You sound like you are doing amazingly. All the feelings you have are completely normal. Your children will grow up and realise what an amazing mum they have growing up.

LemonTT Sat 08-Jun-19 09:42:24

Th OP has asked for help because she is struggling. So whilst she does need reassurance we must also listen to her and give her the help she is asking for.

The pp is absolutely right there are things you cannot control in your life. That applies to everyone. We weaken our mental health and waste our mental energies by trying to change these things, letting them affect our feelings and behaviour and just by thinking about these things. Trite as that sounds it is right. The difficulty is knowing how to do this and that often requires therapy.

OP your feelings are normal, as is having the insight to want to know how to deal with them. Counselling, time and good friends will help.

DinkyTie Sat 08-Jun-19 11:12:07

Wow. So the OPs ExH does a truly vile thing and it's OP who needs to work hard at making everyone else's lives easier hmm

OP I'd be beyond furious, and the fact you know the GF and have always thought she was a tit would be very hard.

I can only say I'd have to work very hard at not letting it eat me up, but I'd try not to give those arseholes the satisfaction.

I personally wouldn't care if my DC knew I didn't like the GF but I wouldn't talk nastily about her iykwim.

Terrible situation OP, for you and your DC flowers

CarrieMayBe Sun 09-Jun-19 15:24:34

Thank you to the last few posters - I had stayed away from the thread as I felt most posters had misunderstood where I was coming from but it appears there are some that get exactly how I’m feeling!

I am feeling better about the situation, although a lot of that is because I am used to just shutting down my mind when things become unthinkable.
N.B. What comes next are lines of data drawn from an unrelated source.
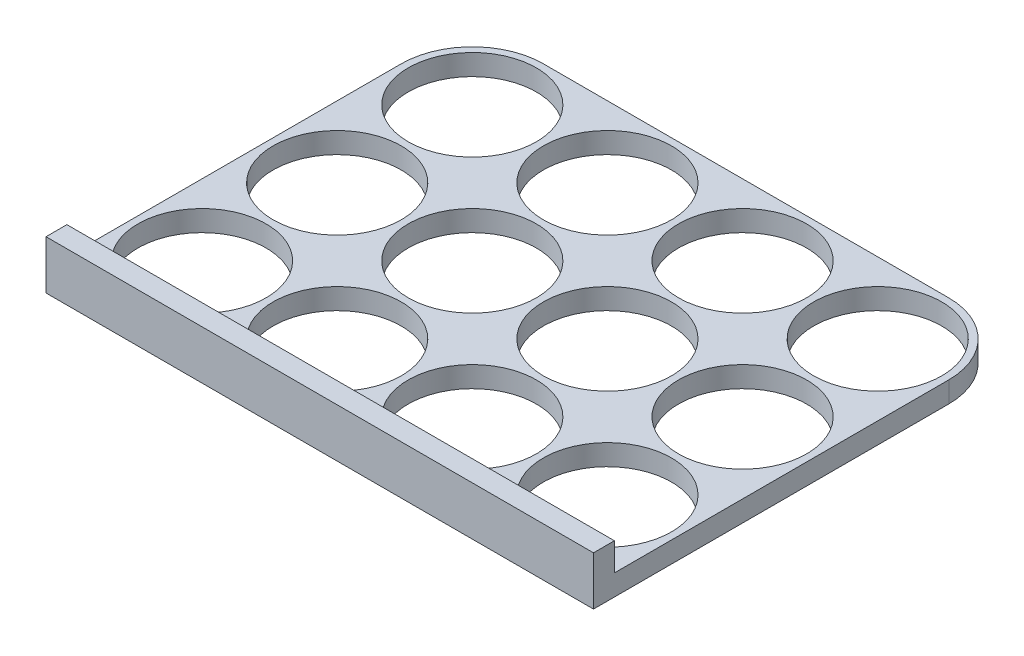
ISO-10303-21;
HEADER;
FILE_DESCRIPTION(('STEP AP214'),'2;1');
FILE_NAME('part.step','',(''),(''),'','','');
FILE_SCHEMA(('AUTOMOTIVE_DESIGN { 1 0 10303 214 1 1 1 1 }'));
ENDSEC;
DATA;
#1=APPLICATION_CONTEXT('core data for automotive mechanical design processes');
#2=APPLICATION_PROTOCOL_DEFINITION('international standard','automotive_design',2000,#1);
#3=PRODUCT_CONTEXT('',#1,'mechanical');
#4=PRODUCT('Part','Part','',(#3));
#5=PRODUCT_RELATED_PRODUCT_CATEGORY('part','',(#4));
#6=PRODUCT_DEFINITION_FORMATION('','',#4);
#7=PRODUCT_DEFINITION_CONTEXT('part definition',#1,'design');
#8=PRODUCT_DEFINITION('design','',#6,#7);
#9=PRODUCT_DEFINITION_SHAPE('','',#8);
#10=(LENGTH_UNIT() NAMED_UNIT(*) SI_UNIT(.MILLI.,.METRE.));
#11=(NAMED_UNIT(*) PLANE_ANGLE_UNIT() SI_UNIT($,.RADIAN.));
#12=(NAMED_UNIT(*) SI_UNIT($,.STERADIAN.) SOLID_ANGLE_UNIT());
#13=UNCERTAINTY_MEASURE_WITH_UNIT(LENGTH_MEASURE(1.E-05),#10,'distance_accuracy_value','');
#14=(GEOMETRIC_REPRESENTATION_CONTEXT(3) GLOBAL_UNCERTAINTY_ASSIGNED_CONTEXT((#13)) GLOBAL_UNIT_ASSIGNED_CONTEXT((#10,
#11,#12)) REPRESENTATION_CONTEXT('',''));
#15=CARTESIAN_POINT('',(0.,0.,0.));
#16=DIRECTION('',(0.,0.,1.));
#17=DIRECTION('',(1.,0.,0.));
#18=AXIS2_PLACEMENT_3D('',#15,#16,#17);
#19=CARTESIAN_POINT('',(-1.33093661156768E-13,3.,-38.8));
#20=DIRECTION('',(0.,-1.,0.));
#21=DIRECTION('',(0.,0.,-1.));
#22=AXIS2_PLACEMENT_3D('',#19,#20,#21);
#23=PLANE('',#22);
#24=CARTESIAN_POINT('',(-1.33093661156768E-13,3.,-38.8));
#25=DIRECTION('',(0.,1.,0.));
#26=DIRECTION('',(0.,0.,1.));
#27=AXIS2_PLACEMENT_3D('',#24,#25,#26);
#28=CIRCLE('',#27,9.2);
#29=CARTESIAN_POINT('',(-1.33093661156768E-13,3.,-29.6));
#30=VERTEX_POINT('',#29);
#31=EDGE_CURVE('E169',#30,#30,#28,.T.);
#32=ORIENTED_EDGE('',*,*,#31,.F.);
#33=EDGE_LOOP('',(#32));
#34=FACE_BOUND('',#33,.T.);
#35=CARTESIAN_POINT('',(0.,3.,-19.4));
#36=DIRECTION('',(0.,1.,0.));
#37=DIRECTION('',(0.,0.,1.));
#38=AXIS2_PLACEMENT_3D('',#35,#36,#37);
#39=CIRCLE('',#38,9.2);
#40=CARTESIAN_POINT('',(0.,3.,-10.2));
#41=VERTEX_POINT('',#40);
#42=EDGE_CURVE('E177',#41,#41,#39,.T.);
#43=ORIENTED_EDGE('',*,*,#42,.F.);
#44=EDGE_LOOP('',(#43));
#45=FACE_BOUND('',#44,.T.);
#46=CARTESIAN_POINT('',(58.1999999999999,3.,-38.8));
#47=DIRECTION('',(0.,1.,0.));
#48=DIRECTION('',(0.,0.,1.));
#49=AXIS2_PLACEMENT_3D('',#46,#47,#48);
#50=CIRCLE('',#49,9.2);
#51=CARTESIAN_POINT('',(58.1999999999999,3.,-29.6));
#52=VERTEX_POINT('',#51);
#53=EDGE_CURVE('E185',#52,#52,#50,.T.);
#54=ORIENTED_EDGE('',*,*,#53,.F.);
#55=EDGE_LOOP('',(#54));
#56=FACE_BOUND('',#55,.T.);
#57=CARTESIAN_POINT('',(38.7999999999999,3.,-38.8));
#58=DIRECTION('',(0.,1.,0.));
#59=DIRECTION('',(0.,0.,1.));
#60=AXIS2_PLACEMENT_3D('',#57,#58,#59);
#61=CIRCLE('',#60,9.2);
#62=CARTESIAN_POINT('',(38.7999999999999,3.,-29.6));
#63=VERTEX_POINT('',#62);
#64=EDGE_CURVE('E193',#63,#63,#61,.T.);
#65=ORIENTED_EDGE('',*,*,#64,.F.);
#66=EDGE_LOOP('',(#65));
#67=FACE_BOUND('',#66,.T.);
#68=CARTESIAN_POINT('',(19.3999999999999,3.,-38.8));
#69=DIRECTION('',(0.,1.,0.));
#70=DIRECTION('',(0.,0.,1.));
#71=AXIS2_PLACEMENT_3D('',#68,#69,#70);
#72=CIRCLE('',#71,9.2);
#73=CARTESIAN_POINT('',(19.3999999999999,3.,-29.6));
#74=VERTEX_POINT('',#73);
#75=EDGE_CURVE('E201',#74,#74,#72,.T.);
#76=ORIENTED_EDGE('',*,*,#75,.F.);
#77=EDGE_LOOP('',(#76));
#78=FACE_BOUND('',#77,.T.);
#79=CARTESIAN_POINT('',(58.1999999999999,3.,-19.4));
#80=DIRECTION('',(0.,1.,0.));
#81=DIRECTION('',(0.,0.,1.));
#82=AXIS2_PLACEMENT_3D('',#79,#80,#81);
#83=CIRCLE('',#82,9.2);
#84=CARTESIAN_POINT('',(58.1999999999999,3.,-10.2));
#85=VERTEX_POINT('',#84);
#86=EDGE_CURVE('E209',#85,#85,#83,.T.);
#87=ORIENTED_EDGE('',*,*,#86,.F.);
#88=EDGE_LOOP('',(#87));
#89=FACE_BOUND('',#88,.T.);
#90=CARTESIAN_POINT('',(38.7999999999999,3.,-19.4));
#91=DIRECTION('',(0.,1.,0.));
#92=DIRECTION('',(0.,0.,1.));
#93=AXIS2_PLACEMENT_3D('',#90,#91,#92);
#94=CIRCLE('',#93,9.2);
#95=CARTESIAN_POINT('',(38.7999999999999,3.,-10.2));
#96=VERTEX_POINT('',#95);
#97=EDGE_CURVE('E217',#96,#96,#94,.T.);
#98=ORIENTED_EDGE('',*,*,#97,.F.);
#99=EDGE_LOOP('',(#98));
#100=FACE_BOUND('',#99,.T.);
#101=CARTESIAN_POINT('',(19.3999999999999,3.,-19.4));
#102=DIRECTION('',(0.,1.,0.));
#103=DIRECTION('',(0.,0.,1.));
#104=AXIS2_PLACEMENT_3D('',#101,#102,#103);
#105=CIRCLE('',#104,9.2);
#106=CARTESIAN_POINT('',(19.3999999999999,3.,-10.2));
#107=VERTEX_POINT('',#106);
#108=EDGE_CURVE('E225',#107,#107,#105,.T.);
#109=ORIENTED_EDGE('',*,*,#108,.F.);
#110=EDGE_LOOP('',(#109));
#111=FACE_BOUND('',#110,.T.);
#112=DIRECTION('',(-1.,0.,0.));
#113=VECTOR('',#112,1.);
#114=CARTESIAN_POINT('',(-10.2000000000001,3.,9.2));
#115=LINE('',#114,#113);
#116=CARTESIAN_POINT('',(68.3999999999999,3.,9.2));
#117=VERTEX_POINT('',#116);
#118=CARTESIAN_POINT('',(58.2,3.,9.2));
#119=VERTEX_POINT('',#118);
#120=EDGE_CURVE('E57',#117,#119,#115,.T.);
#121=ORIENTED_EDGE('',*,*,#120,.F.);
#122=DIRECTION('',(0.,0.,-1.));
#123=VECTOR('',#122,1.);
#124=CARTESIAN_POINT('',(68.3999999999999,3.,12.2));
#125=LINE('',#124,#123);
#126=CARTESIAN_POINT('',(68.3999999999999,3.,-38.8));
#127=VERTEX_POINT('',#126);
#128=EDGE_CURVE('E271',#117,#127,#125,.T.);
#129=ORIENTED_EDGE('',*,*,#128,.T.);
#130=CARTESIAN_POINT('',(58.1999999999999,3.,-38.8));
#131=DIRECTION('',(0.,1.,0.));
#132=DIRECTION('',(0.,0.,-1.));
#133=AXIS2_PLACEMENT_3D('',#130,#131,#132);
#134=CIRCLE('',#133,10.2);
#135=CARTESIAN_POINT('',(58.1999999999999,3.,-49.));
#136=VERTEX_POINT('',#135);
#137=EDGE_CURVE('E274',#127,#136,#134,.T.);
#138=ORIENTED_EDGE('',*,*,#137,.T.);
#139=DIRECTION('',(-1.,0.,0.));
#140=VECTOR('',#139,1.);
#141=CARTESIAN_POINT('',(-1.33093661156768E-13,3.,-49.));
#142=LINE('',#141,#140);
#143=CARTESIAN_POINT('',(-1.33093661156768E-13,3.,-49.));
#144=VERTEX_POINT('',#143);
#145=EDGE_CURVE('E277',#136,#144,#142,.T.);
#146=ORIENTED_EDGE('',*,*,#145,.T.);
#147=CARTESIAN_POINT('',(-1.33093661156768E-13,3.,-38.8));
#148=DIRECTION('',(0.,1.,0.));
#149=DIRECTION('',(0.,0.,-1.));
#150=AXIS2_PLACEMENT_3D('',#147,#148,#149);
#151=CIRCLE('',#150,10.2);
#152=CARTESIAN_POINT('',(-10.2000000000001,3.,-38.8));
#153=VERTEX_POINT('',#152);
#154=EDGE_CURVE('E263',#144,#153,#151,.T.);
#155=ORIENTED_EDGE('',*,*,#154,.T.);
#156=DIRECTION('',(0.,0.,1.));
#157=VECTOR('',#156,1.);
#158=CARTESIAN_POINT('',(-10.2000000000001,3.,-38.8));
#159=LINE('',#158,#157);
#160=CARTESIAN_POINT('',(-10.2000000000001,3.,9.2));
#161=VERTEX_POINT('',#160);
#162=EDGE_CURVE('E267',#153,#161,#159,.T.);
#163=ORIENTED_EDGE('',*,*,#162,.T.);
#164=CARTESIAN_POINT('',(0.,3.,9.2));
#165=VERTEX_POINT('',#164);
#166=EDGE_CURVE('E155',#165,#161,#115,.T.);
#167=ORIENTED_EDGE('',*,*,#166,.F.);
#168=CARTESIAN_POINT('',(0.,3.,0.));
#169=DIRECTION('',(0.,1.,0.));
#170=DIRECTION('',(0.,0.,1.));
#171=AXIS2_PLACEMENT_3D('',#168,#169,#170);
#172=CIRCLE('',#171,9.2);
#173=EDGE_CURVE('E255',#165,#165,#172,.T.);
#174=ORIENTED_EDGE('',*,*,#173,.F.);
#175=CARTESIAN_POINT('',(19.4,3.,9.2));
#176=VERTEX_POINT('',#175);
#177=EDGE_CURVE('E326',#176,#165,#115,.T.);
#178=ORIENTED_EDGE('',*,*,#177,.F.);
#179=CARTESIAN_POINT('',(19.4,3.,0.));
#180=DIRECTION('',(0.,1.,0.));
#181=DIRECTION('',(0.,0.,1.));
#182=AXIS2_PLACEMENT_3D('',#179,#180,#181);
#183=CIRCLE('',#182,9.2);
#184=EDGE_CURVE('E247',#176,#176,#183,.T.);
#185=ORIENTED_EDGE('',*,*,#184,.F.);
#186=CARTESIAN_POINT('',(38.8,3.,9.2));
#187=VERTEX_POINT('',#186);
#188=EDGE_CURVE('E55',#187,#176,#115,.T.);
#189=ORIENTED_EDGE('',*,*,#188,.F.);
#190=CARTESIAN_POINT('',(38.8,3.,0.));
#191=DIRECTION('',(0.,1.,0.));
#192=DIRECTION('',(0.,0.,1.));
#193=AXIS2_PLACEMENT_3D('',#190,#191,#192);
#194=CIRCLE('',#193,9.2);
#195=EDGE_CURVE('E240',#187,#187,#194,.T.);
#196=ORIENTED_EDGE('',*,*,#195,.F.);
#197=EDGE_CURVE('E11',#119,#187,#115,.T.);
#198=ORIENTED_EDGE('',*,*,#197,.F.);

My best friend gave me some good advice the other day too - it could be a case of better the devil you know. At least I know something about her. It could have been a complete stranger that I knew nothing about that was going to be spending time with my kids. Ex will never volunteer any info. I am trying to see the positives here but I don’t think I’ll ever be happy. I absolutely accept there is nothing I can do about it though and my ex has made me miserable for long enough.

To the poster who said to focus on my ex’s worst traits... the best thing about this is that I know she hasn’t struck gold by getting with him. He really is the most boring man alive, something I only came to realise when he left me and I started meeting other men. She is so welcome to him!